Apache Spark: Distributed Machine Learning with Spark using MLbase by Ameet Talwaker and Evan Sparks.
From the description:
In this talk we describe our efforts, as part of the MLbase project, to develop a distributed Machine Learning platform on top of Spark. In particular, we present the details of two core components of MLbase, namely MLlib and MLI, which are scheduled for open-source release this summer. MLlib provides a standard Spark library of scalable algorithms for common learning settings such as classification, regression, collaborative filtering and clustering. MLI is a machine learning API that facilitates the development of new ML algorithms and feature extraction methods. As part of our release, we include a library written against the MLI containing standard and experimental ML algorithms, optimization primitives and feature extraction methods.

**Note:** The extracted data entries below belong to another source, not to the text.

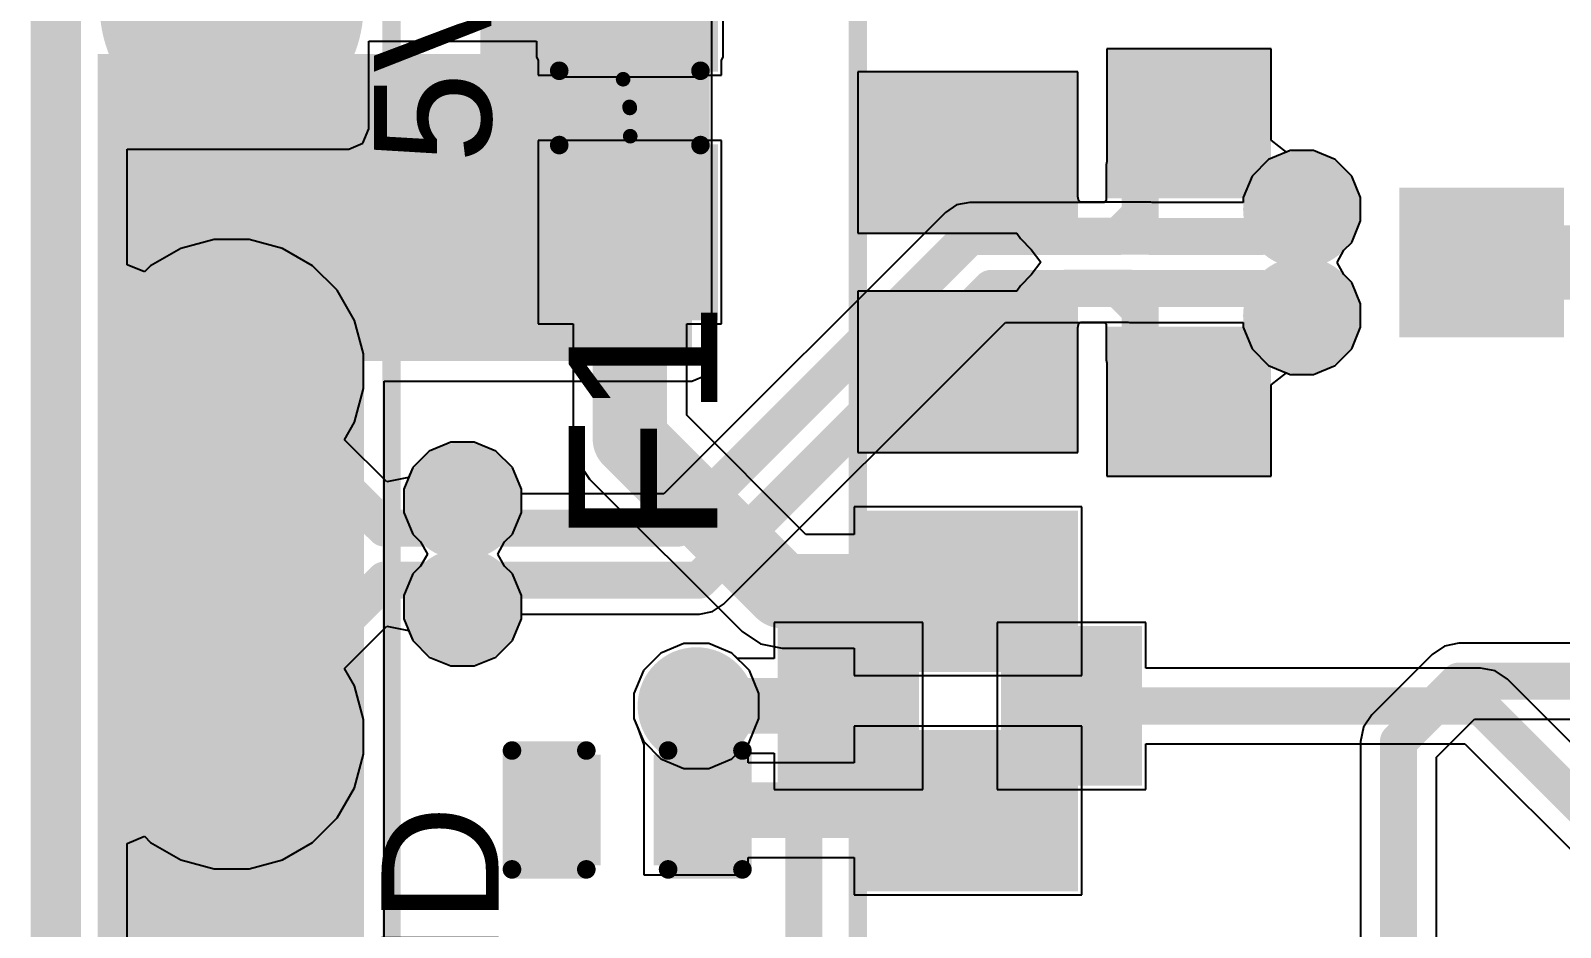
# Model space of a CAD drawing. Header units: millimetres. Extents: x 0 to 1.61, y -0.14 to 2.35.
# Drawn here: x -0.005 to 0.4066, y 0.7514 to 0.9928 of the extents above; entities that cross this region are included whole.
import ezdxf

# ---------------------------------------------------------------- set-up
doc = ezdxf.new("R2010")
doc.units = ezdxf.units.MM
doc.header["$MEASUREMENT"] = 0
for name, color, linetype in [('BottomLayer', 5, 'Continuous'), ('BottomPaste', 16, 'Continuous'), ('BottomSolder', 6, 'Continuous'), ('Mechanical2', 216, 'Continuous'), ('TopLayer', 1, 'Continuous'), ('TopOverlay', 2, 'Continuous'), ('TopPaste', 8, 'Continuous'), ('TopSolder', 216, 'Continuous'), ('ViaHoleLayer', 16, 'Continuous')]:
    doc.layers.add(name, color=color, linetype=linetype)
doc.styles.add('Arial', font='', dxfattribs={"height": 0.2})
doc.styles.get('Arial').set_extended_font_data('Arial')

# ---------------------------------------------------------------- blocks, each defined once
blk = doc.blocks.new('SIM7500E_2')
at = {"layer": 'TopLayer'}
for points in [[(-0.02952755, -0.33661415), (0.02165355, -0.33661415), (0.02165355, -0.37204725), (-0.02952755, -0.37204725)], [(-0.02952755, -0.39566925), (0.02165355, -0.39566925), (0.02165355, -0.43110235), (-0.02952755, -0.43110235)], [(-0.02952755, -0.45472445), (0.02165355, -0.45472445), (0.02165355, -0.49015755), (-0.02952755, -0.49015755)], [(-0.02952755, -0.51377945), (0.02165355, -0.51377945), (0.02165355, -0.54921255), (-0.02952755, -0.54921255)]]:
    blk.add_hatch(color=1, dxfattribs=at).paths.add_polyline_path(points)
at = {"layer": 'TopPaste'}
for points in [[(-0.02952755, -0.33661415), (0.02165355, -0.33661415), (0.02165355, -0.37204725), (-0.02952755, -0.37204725)], [(-0.02952755, -0.39566925), (0.02165355, -0.39566925), (0.02165355, -0.43110235), (-0.02952755, -0.43110235)], [(-0.02952755, -0.45472445), (0.02165355, -0.45472445), (0.02165355, -0.49015755), (-0.02952755, -0.49015755)], [(-0.02952755, -0.51377945), (0.02165355, -0.51377945), (0.02165355, -0.54921255), (-0.02952755, -0.54921255)]]:
    blk.add_hatch(color=8, dxfattribs=at).paths.add_polyline_path(points)
at = {"layer": 'TopSolder'}
for points in [[(-0.03352755, -0.33261415), (0.02565355, -0.33261415), (0.02565355, -0.37604725), (-0.03352755, -0.37604725)], [(-0.03352755, -0.39166925), (0.02565355, -0.39166925), (0.02565355, -0.43510235), (-0.03352755, -0.43510235)], [(-0.03352755, -0.45072445), (0.02565355, -0.45072445), (0.02565355, -0.49415755), (-0.03352755, -0.49415755)], [(-0.03352755, -0.50977945), (0.02565355, -0.50977945), (0.02565355, -0.55321255), (-0.03352755, -0.55321255)]]:
    blk.add_hatch(color=216, dxfattribs=at).paths.add_polyline_path(points)
at = {"layer": 'TopOverlay', "const_width": 0.005}
blk.add_lwpolyline([(-0.0335591, -0.9463858), (-0.0335591, 0.1206142)], dxfattribs=at)
blk = doc.blocks.new('F____0603_9')
at = {"layer": 'TopLayer'}
for points in [[(-0.01377945, -0.01968505), (-0.05314955, -0.01968505), (-0.05314955, 0.01968505), (-0.01377945, 0.01968505)], [(0.05314965, -0.01968505), (0.01377955, -0.01968505), (0.01377955, 0.01968505), (0.05314965, 0.01968505)]]:
    blk.add_hatch(color=1, dxfattribs=at).paths.add_polyline_path(points)
at = {"layer": 'TopPaste'}
for points in [[(-0.01377945, -0.01968505), (-0.05314955, -0.01968505), (-0.05314955, 0.01968505), (-0.01377945, 0.01968505)], [(0.05314965, -0.01968505), (0.01377955, -0.01968505), (0.01377955, 0.01968505), (0.05314965, 0.01968505)]]:
    blk.add_hatch(color=8, dxfattribs=at).paths.add_polyline_path(points)
at = {"layer": 'TopSolder'}
for points in [[(-0.009779450000000004, -0.02368505), (-0.05714955, -0.02368505), (-0.05714955, 0.02368505), (-0.009779449999999997, 0.02368505)], [(0.05714965, -0.02368505), (0.009779549999999996, -0.02368505), (0.009779550000000003, 0.02368505), (0.05714965, 0.02368505)]]:
    blk.add_hatch(color=216, dxfattribs=at).paths.add_polyline_path(points)
at = {"layer": 'TopOverlay', "const_width": 0.005}
for points in [[(-0.01, 0.019), (0.01, 0.019)], [(-0.01, -0.019), (0.01, -0.019)]]:
    blk.add_lwpolyline(points, dxfattribs=at)
at = {"layer": 'TopOverlay'}
for points, const_width in [([(-0.01125, 0.019, 1), (-0.00875, 0.019, 1)], 0.0025), ([(0.00875, 0.019, 1), (0.01125, 0.019, 1)], 0.0025), ([(-0.0085964, -0.0001008, 1), (-0.006628, -0.0001008, 1)], 0.0019685), ([(-0.0009842, 0, 1), (0.0009842, 0, 1)], 0.0019685), ([(-0.0007058, 7.75e-05, 1), (0.0012626, 7.75e-05, 1)], 0.0019685), ([(0.0067423, 0.0018093, 1), (0.0087107, 0.0018093, 1)], 0.0019685), ([(-0.01125, -0.019, 1), (-0.00875, -0.019, 1)], 0.0025), ([(0.00875, -0.019, 1), (0.01125, -0.019, 1)], 0.0025)]:
    blk.add_lwpolyline(points, format="xyb", close=True, dxfattribs=dict(at, const_width=const_width))
at = {"layer": 'TopOverlay', "const_width": 0.003937}
for points in [[(-0.0076122, -0.0001008, -0.7701644861592916), (0, 0)], [(0.0077265, 0.0018093, -0.7841168953440486), (0.0002784, 7.75e-05)]]:
    blk.add_lwpolyline(points, format="xyb", dxfattribs=at)
blk = doc.blocks.new('S___23_B_10')
at = {"layer": 'BottomLayer'}
for points in [[(-0.05354335, 0.05748035), (-0.02125985, 0.05748035), (-0.02125985, 0.02125985), (-0.05354335, 0.02125985)], [(0.02125985, 0.05748035), (0.05354335, 0.05748035), (0.05354335, 0.02125985), (0.02125985, 0.02125985)], [(-0.01614175, -0.02125985), (0.01614175, -0.02125985), (0.01614175, -0.05748035), (-0.01614175, -0.05748035)]]:
    blk.add_hatch(color=5, dxfattribs=at).paths.add_polyline_path(points)
at = {"layer": 'BottomPaste'}
for points in [[(-0.05354335, 0.05748035), (-0.02125985, 0.05748035), (-0.02125985, 0.02125985), (-0.05354335, 0.02125985)], [(0.02125985, 0.05748035), (0.05354335, 0.05748035), (0.05354335, 0.02125985), (0.02125985, 0.02125985)], [(-0.01614175, -0.02125985), (0.01614175, -0.02125985), (0.01614175, -0.05748035), (-0.01614175, -0.05748035)]]:
    blk.add_hatch(color=16, dxfattribs=at).paths.add_polyline_path(points)
at = {"layer": 'BottomSolder'}
for points in [[(-0.05754335, 0.06148035), (-0.01725985, 0.06148035), (-0.01725985, 0.01725985), (-0.05754335, 0.01725985)], [(0.01725985, 0.06148035), (0.05754335, 0.06148035), (0.05754335, 0.01725985), (0.01725985, 0.01725985)], [(-0.02014175, -0.01725985), (0.02014175, -0.01725985), (0.02014175, -0.06148035), (-0.02014175, -0.06148035)]]:
    blk.add_hatch(color=6, dxfattribs=at).paths.add_polyline_path(points)
blk = doc.blocks.new('R___0603_B_33')
at = {"layer": 'BottomLayer'}
for points in [[(-0.045, -0.0175), (-0.045, 0.0175), (-0.015, 0.0175), (-0.015, -0.0175)], [(0.015, -0.0175), (0.015, 0.0175), (0.045, 0.0175), (0.045, -0.0175)]]:
    blk.add_hatch(color=5, dxfattribs=at).paths.add_polyline_path(points)
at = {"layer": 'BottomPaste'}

Suggestion: When you make a video of a presentation, don’t include members of the audience eating (pizza in this case). It’s distracting.
- MLlib: A distributed low-level ML library written directly against the Spark runtime that can be called from Scala and Java. The current library includes common algorithms for classification, regression, clustering and collaboritive filtering, and will be included as part of the Spark v0.8 release.
- MLI: An API / platform for feature extraction and algorithm development that introduces high-level ML programming abstractions. MLI is currently implemented against Spark, leveraging the kernels in MLlib when possible, though code written against MLI can be executed on any runtime engine supporting these abstractions. MLI includes more extensive functionality and has a faster development cycle than MLlib. It will be released in conjunction with MLlib as a separate project.
- ML Optimizer: This layer aims to simplify ML problems for End Users by automating the task of model selection. The optimizer solves a search problem over feature extractors and ML algorithms included in MLI. This component is under active development.
The goal of this project, to make machine learning easier for developers and end users is a laudable one.
And it is the natural progression of a technology from being experimental to common use.
On the other hand, I am uneasy about the weight users will put on results, while not understanding biases or uncertainties that are cooked into the data or algorithms.
I don’t think there is a solution to the bias/uncertainty problem other than to become more knowledgeable about machine learning.
Not that you will win an argument with an end users who keeps pointing to a result as though it were untouched by human biases.
But you may be able to better avoid such traps for yourself and your clients.